**Supplied material**
::::::
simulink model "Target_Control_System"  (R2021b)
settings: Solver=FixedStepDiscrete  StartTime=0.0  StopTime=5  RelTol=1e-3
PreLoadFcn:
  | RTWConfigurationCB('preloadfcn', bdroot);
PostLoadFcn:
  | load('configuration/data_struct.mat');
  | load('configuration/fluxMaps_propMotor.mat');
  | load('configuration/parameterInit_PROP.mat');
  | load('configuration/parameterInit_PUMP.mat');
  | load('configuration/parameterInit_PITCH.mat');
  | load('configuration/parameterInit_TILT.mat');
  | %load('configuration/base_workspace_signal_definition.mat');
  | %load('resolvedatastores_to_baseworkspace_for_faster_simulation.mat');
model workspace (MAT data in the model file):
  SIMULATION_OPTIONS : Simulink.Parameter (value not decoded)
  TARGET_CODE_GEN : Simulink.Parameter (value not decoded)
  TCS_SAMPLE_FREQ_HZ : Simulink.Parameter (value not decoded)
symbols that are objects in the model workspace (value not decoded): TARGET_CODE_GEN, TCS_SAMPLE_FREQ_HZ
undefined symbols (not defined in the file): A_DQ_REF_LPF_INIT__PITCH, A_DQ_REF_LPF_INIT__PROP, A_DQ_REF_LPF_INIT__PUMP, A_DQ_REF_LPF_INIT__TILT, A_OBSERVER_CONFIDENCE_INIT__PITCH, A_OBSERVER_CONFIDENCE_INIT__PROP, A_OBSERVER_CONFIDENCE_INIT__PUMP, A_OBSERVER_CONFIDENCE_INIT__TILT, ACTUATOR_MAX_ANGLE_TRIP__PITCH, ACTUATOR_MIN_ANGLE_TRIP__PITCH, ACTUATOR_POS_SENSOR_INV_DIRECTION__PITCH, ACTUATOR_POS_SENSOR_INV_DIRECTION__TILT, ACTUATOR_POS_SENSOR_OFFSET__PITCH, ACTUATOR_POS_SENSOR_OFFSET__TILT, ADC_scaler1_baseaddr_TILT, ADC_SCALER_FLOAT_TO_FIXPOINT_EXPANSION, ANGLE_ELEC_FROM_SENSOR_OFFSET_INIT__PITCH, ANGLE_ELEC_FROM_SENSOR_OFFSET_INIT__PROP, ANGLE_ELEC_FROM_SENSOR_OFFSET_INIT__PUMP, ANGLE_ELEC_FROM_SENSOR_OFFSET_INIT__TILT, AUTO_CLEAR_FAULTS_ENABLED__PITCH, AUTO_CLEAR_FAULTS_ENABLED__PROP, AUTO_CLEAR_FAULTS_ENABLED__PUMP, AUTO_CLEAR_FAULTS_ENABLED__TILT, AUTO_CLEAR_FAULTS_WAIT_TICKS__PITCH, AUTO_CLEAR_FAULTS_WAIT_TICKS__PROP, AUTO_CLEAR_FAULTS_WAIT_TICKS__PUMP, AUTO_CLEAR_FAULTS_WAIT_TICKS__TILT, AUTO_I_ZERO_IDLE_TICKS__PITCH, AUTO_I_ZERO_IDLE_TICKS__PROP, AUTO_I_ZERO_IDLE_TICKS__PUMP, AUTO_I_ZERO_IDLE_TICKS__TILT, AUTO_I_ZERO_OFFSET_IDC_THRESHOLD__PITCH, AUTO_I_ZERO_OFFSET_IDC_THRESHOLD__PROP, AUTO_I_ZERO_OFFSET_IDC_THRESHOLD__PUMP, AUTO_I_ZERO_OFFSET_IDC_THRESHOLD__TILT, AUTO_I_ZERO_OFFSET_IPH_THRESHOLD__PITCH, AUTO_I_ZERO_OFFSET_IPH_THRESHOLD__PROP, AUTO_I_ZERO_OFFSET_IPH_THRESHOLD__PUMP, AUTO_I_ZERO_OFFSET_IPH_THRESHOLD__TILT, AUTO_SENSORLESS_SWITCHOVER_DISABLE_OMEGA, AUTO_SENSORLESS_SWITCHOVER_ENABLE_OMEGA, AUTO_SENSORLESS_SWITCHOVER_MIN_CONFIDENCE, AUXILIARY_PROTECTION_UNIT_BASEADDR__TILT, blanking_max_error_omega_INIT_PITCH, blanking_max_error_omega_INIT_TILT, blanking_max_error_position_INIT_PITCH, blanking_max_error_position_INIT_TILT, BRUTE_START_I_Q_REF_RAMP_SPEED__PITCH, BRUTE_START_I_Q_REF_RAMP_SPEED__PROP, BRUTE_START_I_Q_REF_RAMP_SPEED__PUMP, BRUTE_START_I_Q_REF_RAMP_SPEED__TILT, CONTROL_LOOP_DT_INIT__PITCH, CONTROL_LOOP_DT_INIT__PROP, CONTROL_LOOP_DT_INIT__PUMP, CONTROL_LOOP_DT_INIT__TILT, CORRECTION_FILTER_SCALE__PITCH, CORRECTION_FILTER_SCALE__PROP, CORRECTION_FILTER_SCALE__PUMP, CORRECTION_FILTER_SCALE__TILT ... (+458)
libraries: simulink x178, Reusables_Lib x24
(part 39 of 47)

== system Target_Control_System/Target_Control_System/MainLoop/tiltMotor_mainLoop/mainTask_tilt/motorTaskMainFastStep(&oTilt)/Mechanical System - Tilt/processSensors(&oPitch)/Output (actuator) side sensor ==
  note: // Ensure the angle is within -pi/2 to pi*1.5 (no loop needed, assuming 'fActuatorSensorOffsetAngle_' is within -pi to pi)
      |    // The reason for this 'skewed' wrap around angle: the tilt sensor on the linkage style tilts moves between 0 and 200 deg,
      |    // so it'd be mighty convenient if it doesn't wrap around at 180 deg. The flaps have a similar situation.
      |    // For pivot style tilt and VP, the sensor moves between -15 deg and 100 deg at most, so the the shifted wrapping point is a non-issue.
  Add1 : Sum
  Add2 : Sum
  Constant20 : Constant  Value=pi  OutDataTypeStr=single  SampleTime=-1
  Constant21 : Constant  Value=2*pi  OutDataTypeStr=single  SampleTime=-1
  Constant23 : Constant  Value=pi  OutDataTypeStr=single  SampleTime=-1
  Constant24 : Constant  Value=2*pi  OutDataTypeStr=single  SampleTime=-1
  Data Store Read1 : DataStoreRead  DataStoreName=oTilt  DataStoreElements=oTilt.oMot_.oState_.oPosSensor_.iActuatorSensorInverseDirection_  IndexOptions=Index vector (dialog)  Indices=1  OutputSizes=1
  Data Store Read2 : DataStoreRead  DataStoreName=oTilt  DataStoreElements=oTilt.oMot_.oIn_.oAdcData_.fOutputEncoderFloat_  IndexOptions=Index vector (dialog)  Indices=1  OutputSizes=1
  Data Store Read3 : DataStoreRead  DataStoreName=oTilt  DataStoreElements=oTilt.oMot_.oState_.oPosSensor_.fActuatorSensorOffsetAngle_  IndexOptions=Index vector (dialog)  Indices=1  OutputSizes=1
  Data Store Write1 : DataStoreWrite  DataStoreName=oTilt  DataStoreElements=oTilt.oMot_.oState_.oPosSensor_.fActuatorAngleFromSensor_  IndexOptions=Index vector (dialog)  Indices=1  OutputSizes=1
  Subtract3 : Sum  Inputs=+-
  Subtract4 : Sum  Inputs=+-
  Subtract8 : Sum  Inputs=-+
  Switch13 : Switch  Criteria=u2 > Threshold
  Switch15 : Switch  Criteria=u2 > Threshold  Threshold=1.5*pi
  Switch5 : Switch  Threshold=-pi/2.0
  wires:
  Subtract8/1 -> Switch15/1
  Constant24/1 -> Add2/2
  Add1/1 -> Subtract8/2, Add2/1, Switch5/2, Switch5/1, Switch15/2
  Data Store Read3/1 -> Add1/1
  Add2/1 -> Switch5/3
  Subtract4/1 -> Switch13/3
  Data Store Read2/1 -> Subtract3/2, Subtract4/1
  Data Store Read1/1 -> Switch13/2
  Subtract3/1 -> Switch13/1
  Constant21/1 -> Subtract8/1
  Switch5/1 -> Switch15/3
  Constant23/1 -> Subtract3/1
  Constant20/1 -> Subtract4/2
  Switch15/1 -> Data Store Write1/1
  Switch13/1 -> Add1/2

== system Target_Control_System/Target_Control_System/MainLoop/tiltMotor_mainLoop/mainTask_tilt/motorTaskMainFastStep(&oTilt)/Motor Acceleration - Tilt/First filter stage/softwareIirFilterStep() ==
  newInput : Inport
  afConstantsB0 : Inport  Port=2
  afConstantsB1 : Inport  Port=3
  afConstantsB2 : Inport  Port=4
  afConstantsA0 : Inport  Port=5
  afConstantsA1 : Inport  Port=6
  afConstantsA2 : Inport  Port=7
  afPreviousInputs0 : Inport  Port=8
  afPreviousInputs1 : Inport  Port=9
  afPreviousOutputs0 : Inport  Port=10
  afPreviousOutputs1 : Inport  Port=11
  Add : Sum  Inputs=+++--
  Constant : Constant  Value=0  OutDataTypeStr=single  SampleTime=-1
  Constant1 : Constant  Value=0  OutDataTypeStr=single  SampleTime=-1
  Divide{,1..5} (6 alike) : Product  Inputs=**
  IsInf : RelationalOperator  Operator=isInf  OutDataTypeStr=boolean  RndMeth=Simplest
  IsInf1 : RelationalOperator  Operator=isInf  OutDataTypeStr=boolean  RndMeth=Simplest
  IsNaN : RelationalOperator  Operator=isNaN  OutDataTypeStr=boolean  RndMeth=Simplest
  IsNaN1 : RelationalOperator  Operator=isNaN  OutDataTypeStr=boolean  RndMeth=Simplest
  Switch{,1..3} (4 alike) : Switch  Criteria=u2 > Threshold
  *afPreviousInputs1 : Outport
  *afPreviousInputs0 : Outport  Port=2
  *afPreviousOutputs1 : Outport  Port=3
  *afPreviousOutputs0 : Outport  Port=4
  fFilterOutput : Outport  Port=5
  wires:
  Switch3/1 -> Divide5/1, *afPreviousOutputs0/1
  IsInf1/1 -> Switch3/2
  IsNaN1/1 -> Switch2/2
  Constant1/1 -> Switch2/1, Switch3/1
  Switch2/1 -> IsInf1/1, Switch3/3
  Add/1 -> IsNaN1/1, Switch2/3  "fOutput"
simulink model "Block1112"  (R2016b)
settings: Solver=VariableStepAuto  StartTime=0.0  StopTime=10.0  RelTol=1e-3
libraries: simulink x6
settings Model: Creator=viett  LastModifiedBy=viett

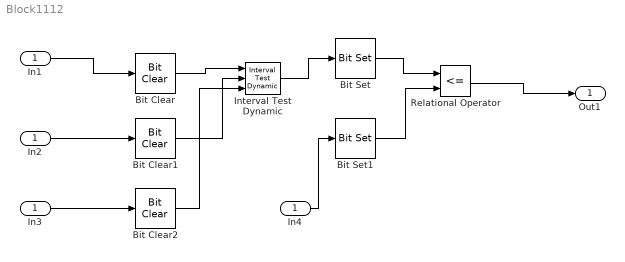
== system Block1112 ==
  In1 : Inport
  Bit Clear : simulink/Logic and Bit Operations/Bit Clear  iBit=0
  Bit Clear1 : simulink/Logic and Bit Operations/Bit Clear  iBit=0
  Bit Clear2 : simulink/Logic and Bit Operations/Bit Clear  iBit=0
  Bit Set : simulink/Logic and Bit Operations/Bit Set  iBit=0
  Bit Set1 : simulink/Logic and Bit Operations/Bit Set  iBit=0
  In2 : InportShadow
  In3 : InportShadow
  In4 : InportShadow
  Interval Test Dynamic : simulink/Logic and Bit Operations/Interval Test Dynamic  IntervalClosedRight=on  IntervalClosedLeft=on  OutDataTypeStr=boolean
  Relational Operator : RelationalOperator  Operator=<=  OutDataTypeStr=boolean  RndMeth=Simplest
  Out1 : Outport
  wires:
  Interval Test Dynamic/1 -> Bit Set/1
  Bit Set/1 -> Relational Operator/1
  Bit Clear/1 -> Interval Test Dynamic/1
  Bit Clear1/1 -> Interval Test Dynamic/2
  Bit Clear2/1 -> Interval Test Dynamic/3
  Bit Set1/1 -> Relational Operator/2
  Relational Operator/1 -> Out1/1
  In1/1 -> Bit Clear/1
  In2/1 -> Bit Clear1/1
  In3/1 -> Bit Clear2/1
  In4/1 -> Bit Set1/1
::::::
**Exercise directions**
Give again, exactly as written above, each line from the one that has "Subtract3/1 -> Switch13/1" to the one that has "Bit Clear1 : simulink/Logic", both included; omit the pictures.

**Solution below**
  Subtract3/1 -> Switch13/1
  Constant21/1 -> Subtract8/1
  Switch5/1 -> Switch15/3
  Constant23/1 -> Subtract3/1
  Constant20/1 -> Subtract4/2
  Switch15/1 -> Data Store Write1/1
  Switch13/1 -> Add1/2

== system Target_Control_System/Target_Control_System/MainLoop/tiltMotor_mainLoop/mainTask_tilt/motorTaskMainFastStep(&oTilt)/Motor Acceleration - Tilt/First filter stage/softwareIirFilterStep() ==
  newInput : Inport
  afConstantsB0 : Inport  Port=2
  afConstantsB1 : Inport  Port=3
  afConstantsB2 : Inport  Port=4
  afConstantsA0 : Inport  Port=5
  afConstantsA1 : Inport  Port=6
  afConstantsA2 : Inport  Port=7
  afPreviousInputs0 : Inport  Port=8
  afPreviousInputs1 : Inport  Port=9
  afPreviousOutputs0 : Inport  Port=10
  afPreviousOutputs1 : Inport  Port=11
  Add : Sum  Inputs=+++--
  Constant : Constant  Value=0  OutDataTypeStr=single  SampleTime=-1
  Constant1 : Constant  Value=0  OutDataTypeStr=single  SampleTime=-1
  Divide{,1..5} (6 alike) : Product  Inputs=**
  IsInf : RelationalOperator  Operator=isInf  OutDataTypeStr=boolean  RndMeth=Simplest
  IsInf1 : RelationalOperator  Operator=isInf  OutDataTypeStr=boolean  RndMeth=Simplest
  IsNaN : RelationalOperator  Operator=isNaN  OutDataTypeStr=boolean  RndMeth=Simplest
  IsNaN1 : RelationalOperator  Operator=isNaN  OutDataTypeStr=boolean  RndMeth=Simplest
  Switch{,1..3} (4 alike) : Switch  Criteria=u2 > Threshold
  *afPreviousInputs1 : Outport
  *afPreviousInputs0 : Outport  Port=2
  *afPreviousOutputs1 : Outport  Port=3
  *afPreviousOutputs0 : Outport  Port=4
  fFilterOutput : Outport  Port=5
  wires:
  Switch3/1 -> Divide5/1, *afPreviousOutputs0/1
  IsInf1/1 -> Switch3/2
  IsNaN1/1 -> Switch2/2
  Constant1/1 -> Switch2/1, Switch3/1
  Switch2/1 -> IsInf1/1, Switch3/3
  Add/1 -> IsNaN1/1, Switch2/3  "fOutput"
simulink model "Block1112"  (R2016b)
settings: Solver=VariableStepAuto  StartTime=0.0  StopTime=10.0  RelTol=1e-3
libraries: simulink x6
settings Model: Creator=viett  LastModifiedBy=viett

== system Block1112 ==
  In1 : Inport
  Bit Clear : simulink/Logic and Bit Operations/Bit Clear  iBit=0
  Bit Clear1 : simulink/Logic and Bit Operations/Bit Clear  iBit=0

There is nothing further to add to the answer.